(Stored records)
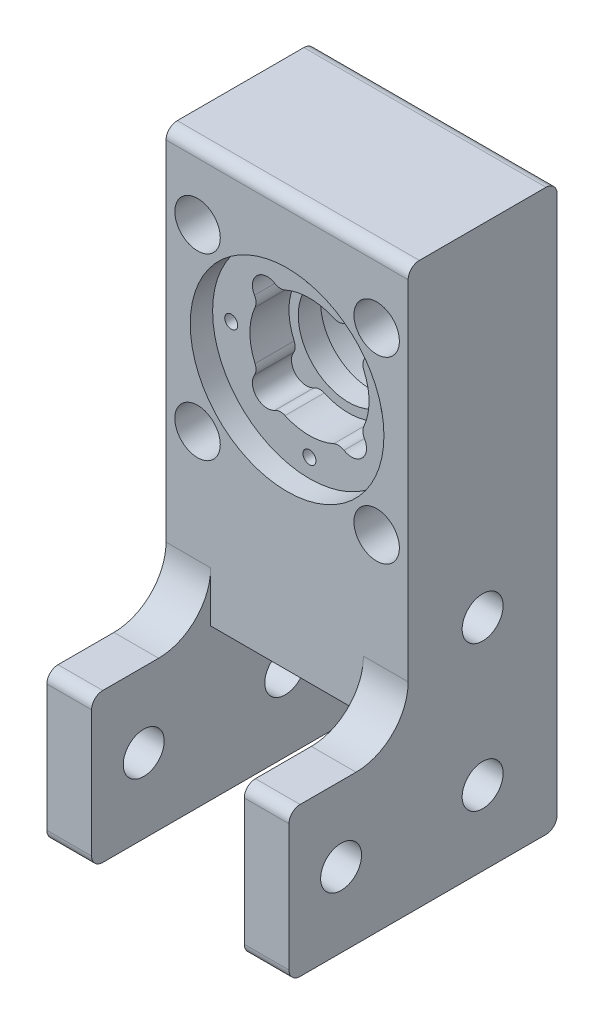
SolidWorks part; units mm, degrees
ref_plane "Front plane" through (0, 0, 0) normal (0, 0, 1) x (1, 0, 0)
ref_plane "Top plane" through (0, 0, 0) normal (0, 1, 0) x (1, 0, 0)
ref_plane "Right plane" through (0, 0, 0) normal (1, 0, 0) x (0, 0, -1)
ref_axis "Axis X" through (0, 0, 0) along (1, 0, 0)
ref_axis "Axis Y" through (0, 0, 0) along (0, 1, 0)
ref_axis "Axis Z" through (0, 0, 0) along (0, 0, 1)
sketch "Sketch1" plane through (0, 0, 0) normal (1, 0, 0) x (0, 0, -1)
  line L1 (10, 65.25) -> (-10, 65.25)
  line L2 (10, 65.25) -> (10, 10.25)
  line L3 (10, 10.25) -> (-10, 10.25)
  line L4 (-10, 65.25) -> (-10, 10.25)
  line L5 (10, 65.25) -> (-10, 10.25) construction
  line L6 (10, 10.25) -> (-10, 65.25) construction
  point P0 (0, 37.75)
  dimension "D1" = 10.25
  dimension "D2" = 20
  dimension "D3" = 55
extrude "Extrude1" add sketch "Sketch1" along normal blind 10.25 and the other way blind 10.25
sketch "Sketch2" plane through (10.25, 0, 0) normal (1, 0, 0) x (0, 0, -1)
  line L0 (10, 10.25) -> (10, 65.25) construction
  line L1 (26, 10) -> (17, 10)
  line L2 (26, 10) -> (26, -10)
  line L3 (26, -10) -> (-26, -10)
  line L4 (-26, 10) -> (-26, -10)
  line L5 (26, 10) -> (-26, -10) construction
  line L6 (26, -10) -> (-26, 10) construction
  line L7 (-10, 65.25) -> (10, 65.25)
  line L8 (-10, 65.25) -> (-10, 17)
  line L9 (-10, 10) -> (10, 10) construction
  line L10 (10, 65.25) -> (10, 17)
  line L11 (-17, 10) -> (-26, 10)
  line L12 (10, 10) -> (-10, 10) construction
  arc A0 (17, 10) -> (10, 17) centre (17, 17) cw
  arc A1 (-17, 10) -> (-10, 17) centre (-17, 17) ccw
  point P0 (0, 0)
  dimension "D3" = 7
  dimension "D1" = 20
  dimension "D2" = 52
extrude "Extrude2" add sketch "Sketch2" along normal blind 6
mirror "Mirror2" about plane through (0, 0, 0) normal (1, 0, 0) of "Extrude2"
sketch "Sketch4" plane through (16.25, 0, 0) normal (1, 0, 0) x (0, 0, -1)
  line L0 (0, 2.75) -> (0, -2.75) construction
  circle A0 centre (0, 0) radius 2.75
  circle A1 centre (19, 0) radius 2.75
  circle A2 centre (-19, 0) radius 2.75
  circle A3 centre (0, 19.5) radius 2.75
  circle A4 centre (0, 51.75) radius 2.75 construction
  dimension "D1" = 5.5
  dimension "D2" = 5.5
  dimension "D4" = 5.5
  dimension "D5" = 5.5
  dimension "D3" = 19
  dimension "D6" = 32.25
  dimension "D7" = 19.5
extrude "Extrude3" cut sketch "Sketch4" against normal through all
sketch "Sketch5" plane through (0, 0, 10) normal (0, 0, 1) x (1, 0, 0)
  line L0 (-16.25, 19.5) -> (16.25, 19.5) construction
  line L1 (-16.25, 65.25) -> (-16.25, 17) construction
  line L2 (16.25, 65.25) -> (16.25, 17) construction
  line L3 (-16.25, 22.25) -> (16.25, 22.25) construction
  line L4 (-16.25, 16.75) -> (16.25, 16.75) construction
  line L5 (-16.25, 54.5) -> (16.25, 54.5) construction
  line L6 (-16.25, 51.75) -> (16.25, 51.75) construction
  line L7 (-16.25, 49) -> (16.25, 49) construction
  line L8 (-6.755, 44) -> (6.755, 44) construction
  line L9 (-10.25, 10) -> (10.25, 10) construction
  line L10 (-10.25, 10) -> (-10.25, -10) construction
  line L11 (10.25, 10) -> (10.25, -10) construction
  circle A0 centre (0, 44) radius 6.755
  dimension "D1" = 5.5
  dimension "D2" = 5.5
  dimension "D5" = 13.51
  dimension "D3" = 19.5
  dimension "D4" = 32.25
  dimension "D7" = 10
  dimension "D8" = 34
extrude "Extrude4" cut sketch "Sketch5" against normal through all
fillet "Fillet2" radius 1.5 10 edges at (13.25, -10, 26) (13.25, 10, 26) (-13.25, 10, 26) (-13.25, -10, 26) (-13.25, -10, -26) (13.25, -10, -26) (13.25, 10, -26) (-13.25, 10, -26) (0, 65.25, 10) (0, 65.25, -10)
sketch "Эскиз1" plane through (0, 0, -10) normal (0, 0, -1) x (-1, 0, 0)
  line L0 (-16.25, 17) -> (-16.25, 63.75) construction
  line L1 (16.25, -10) -> (-16.25, -10)
  line L2 (16.25, -10) -> (16.25, 63.75)
  line L3 (16.25, 63.75) -> (-16.25, 63.75)
  line L4 (-16.25, -10) -> (-16.25, 63.75)
  line L5 (16.25, -10) -> (-16.25, 63.75) construction
  line L6 (16.25, 63.75) -> (-16.25, -10) construction
  line L7 (16.25, 17) -> (16.25, 63.75) construction
  line L8 (16.25, 63.75) -> (-16.25, 63.75) construction
  line L9 (-10.25, -10) -> (-16.25, -10) construction
  point P0 (0, 26.875)
extrude "Вырез-Вытянуть1" cut sketch "Эскиз1" along normal through all
fillet "Скругление1" radius 1.5 2 edges at (13.25, -10, -10) (-13.25, -10, -10)
sketch "Эскиз2" plane through (0, 0, 10) normal (0, 0, 1) x (1, 0, 0)
  circle A0 centre (0, 44) radius 13
  dimension "D1" = 26
extrude "Вырез-Вытянуть2" cut sketch "Эскиз2" against normal blind 3
sketch "Эскиз3" plane through (0, 0, 7) normal (0, 0, 1) x (1, 0, 0)
  circle A0 centre (0, 44) radius 8
  arc A1 (-1.9843, 51.75) -> (1.9843, 51.75) centre (0, 52) cw construction
  arc A2 (4.077, 50.8832) -> (6.8832, 48.077) centre (5.6569, 49.6569) cw
  arc A3 (7.75, 45.9843) -> (7.75, 42.0157) centre (8, 44) cw construction
  arc A4 (6.8832, 39.923) -> (4.077, 37.1168) centre (5.6569, 38.3431) cw
  arc A5 (1.9843, 36.25) -> (-1.9843, 36.25) centre (0, 36) cw construction
  arc A6 (-4.077, 37.1168) -> (-6.8832, 39.923) centre (-5.6569, 38.3431) cw
  arc A7 (-7.75, 42.0157) -> (-7.75, 45.9843) centre (-8, 44) cw construction
  arc A8 (-6.8832, 48.077) -> (-4.077, 50.8832) centre (-5.6569, 49.6569) cw
  circle M11 centre (0, 44) radius 6.755
  dimension "D1" = 16
  dimension "D2" = 2
  dimension "D3" = 8
extrude "Вырез-Вытянуть3" cut sketch "Эскиз3" against normal blind 5.25 contours A0 M11 | A8 A0 | A2 A0 | A4 A0 | A6 A0 region at (7.4975, 41.9462, 7) region at (6.2241, 50.2241, 7) region at (6.2241, 37.7759, 7) region at (-6.2241, 50.2241, 7) region at (-6.2241, 37.7759, 7)
fillet "Скругление2" radius 1.5 8 edges at (-6.8832, 48.077, 4.375) (-6.8832, 39.923, 4.375) (6.8832, 39.923, 4.375) (6.8832, 48.077, 4.375) (4.077, 50.8832, 4.375) (-4.077, 50.8832, 4.375) (4.077, 37.1168, 4.375) (-4.077, 37.1168, 4.375)
sketch "Эскиз4" plane through (0, 0, -10) normal (0, 0, -1) x (-1, 0, 0)
  circle A0 centre (0, 44) radius 10
  dimension "D1" = 20
extrude "Вырез-Вытянуть4" cut sketch "Эскиз4" against normal offset from surface (8.75 mm away) 3 up to face at (6.755, 44, 1.75)
sketch "Эскиз5" plane through (0, 0, 7) normal (0, 0, 1) x (1, 0, 0)
  circle A0 centre (0, 44) radius 10.5 construction
  circle A1 centre (0, 54.5) radius 0.875
  circle A2 centre (10.5, 44) radius 0.875
  circle A3 centre (0, 33.5) radius 0.875
  circle A4 centre (-10.5, 44) radius 0.875
  dimension "D1" = 21
  dimension "D2" = 1.75
  dimension "D3" = 4
extrude "Вырез-Вытянуть5" cut sketch "Эскиз5" against normal blind 8
sketch "Эскиз7" plane through (0, 0, 10) normal (0, 0, 1) x (1, 0, 0)
  line L1 (-12.0208, 56.0208) -> (12.0208, 56.0208) construction
  line L2 (-12.0208, 56.0208) -> (-12.0208, 31.9792) construction
  line L3 (-12.0208, 31.9792) -> (12.0208, 31.9792) construction
  line L4 (12.0208, 56.0208) -> (12.0208, 31.9792) construction
  line L5 (-12.0208, 56.0208) -> (12.0208, 31.9792) construction
  line L6 (-12.0208, 31.9792) -> (12.0208, 56.0208) construction
  circle A0 centre (0, 44) radius 17 construction
  circle A1 centre (-12.0208, 56.0208) radius 1.75
  circle A2 centre (12.0208, 56.0208) radius 1.75
  circle A3 centre (0, 44) radius 17 construction
  circle A4 centre (12.0208, 31.9792) radius 1.75
  circle A5 centre (0, 44) radius 17 construction
  circle A6 centre (-12.0208, 31.9792) radius 1.75
  circle A7 centre (0, 44) radius 17 construction
  dimension "D3" = 4
  dimension "D1" = 34
  dimension "D2" = 3.5
extrude "Вырез-Вытянуть6" cut sketch "Эскиз7" against normal through all
sketch "Эскиз8" plane through (0, 0, 10) normal (0, 0, 1) x (1, 0, 0)
  circle A0 centre (-12.0208, 56.0208) radius 3.05
  circle A1 centre (0, 44) radius 17 construction
  circle A2 centre (12.0208, 56.0208) radius 3.05
  circle A3 centre (12.0208, 31.9792) radius 3.05
  circle A4 centre (-12.0208, 31.9792) radius 3.05
  dimension "D1" = 6.1
extrude "Вырез-Вытянуть7" cut sketch "Эскиз8" against normal offset from surface (5 mm away) 15 up to face at (-10.2708, 31.9792, -10)
equation "\"print_offset\"= 0.5"
equation "\"prof_width\"= 20'Aluminium profile parameters"
equation "\"D1@Sketch1\"=(\"prof_width\"+\"print_offset\")/2"
equation "\"D3@Sketch1\" = 55.00"
equation "\"D1@Extrude1\"=(\"prof_width\"+\"print_offset\")/2"
equation "\"D2@Extrude1\"=(\"prof_width\"+\"print_offset\")/2"
equation "\"D1@Sketch2\"=\"prof_width\""
equation "\"D1@Sketch4\"=\"print_offset\"+5"
equation "\"D2@Sketch4\"=\"D1@Sketch4\""
equation "\"D4@Sketch4\"=\"D1@Sketch4\""
equation "\"D5@Sketch4\"=\"D1@Sketch4\""
equation "\"D2@Sketch5\"=\"D1@Sketch5\""
equation "\"D1@Sketch5\" = \"print_offset\" + 5.00"
equation "\"D7@Sketch5\"=\"prof_width\"/2"
equation "\"radial_bearing_d1\"= 7.7"
equation "\"radial_bearing_d2\"= 16"
equation "\"radial_bearing_h\"= 5"
equation "\"shaft_d\"= 6"
equation "\"shaft_h\" = 60"
equation "\"central_hole_d\"= 20"
equation "\"sitting_screws_d\"= 34"
equation "\"screw_d\"= 2"
equation "\"screw_hh_d\"= 3.4"
equation "\"screw_h\"= 8"
equation "\"screw_hh_h\"= 2"
equation "\"motor_screw_d\"= 3"
equation "\"motor_screw_hh_d\"= 5.6"
equation "\"motor_screw_h\" = 20"
equation "\"motor_screw_hh_h\"= 2"
equation "\"motor_nut_d\"= 5.4"
equation "\"motor_nut_h\"= 2.8"
equation "\"D1@Эскиз2\"=\"radial_bearing_d2\"+10"
equation "\"D1@Эскиз3\"=\"radial_bearing_d2\""
equation "\"D1@Вырез-Вытянуть3\"=\"radial_bearing_h\"+\"print_offset\"/2"
equation "\"D1@Эскиз4\"=\"central_hole_d\""
equation "\"D1@Эскиз5\"=\"radial_bearing_d2\"+5"
equation "\"D2@Эскиз5\"=\"screw_d\"-\"print_offset\"/2"
equation "\"D1@Вырез-Вытянуть5\"=\"screw_h\""
equation "\"D1@Эскиз7\"=\"sitting_screws_d\""
equation "\"D2@Эскиз7\"=\"motor_screw_d\"+\"print_offset\""
equation "\"D1\" = \"motor_screw_h\" - 5"
equation "\"D1@Эскиз8\"=\"motor_screw_hh_d\"+\"print_offset\""
equation "\"D1@Вырез-Вытянуть7\"=\"motor_screw_h\"-5"
equation "\"D5@Sketch5\"=\"radial_bearing_d2\"-(\"radial_bearing_d2\"-\"radial_bearing_d1\")*0.3"

- **ACTION ITEM**: Copy the lines above exactly. Start with the line containing "point P0 (0, 0)", end with the line containing "line L0 (0, 2.75)", and include both.

- **RESPONSE BOX**:
  point P0 (0, 0)
  dimension "D3" = 7
  dimension "D1" = 20
  dimension "D2" = 52
extrude "Extrude2" add sketch "Sketch2" along normal blind 6
mirror "Mirror2" about plane through (0, 0, 0) normal (1, 0, 0) of "Extrude2"
sketch "Sketch4" plane through (16.25, 0, 0) normal (1, 0, 0) x (0, 0, -1)
  line L0 (0, 2.75) -> (0, -2.75) construction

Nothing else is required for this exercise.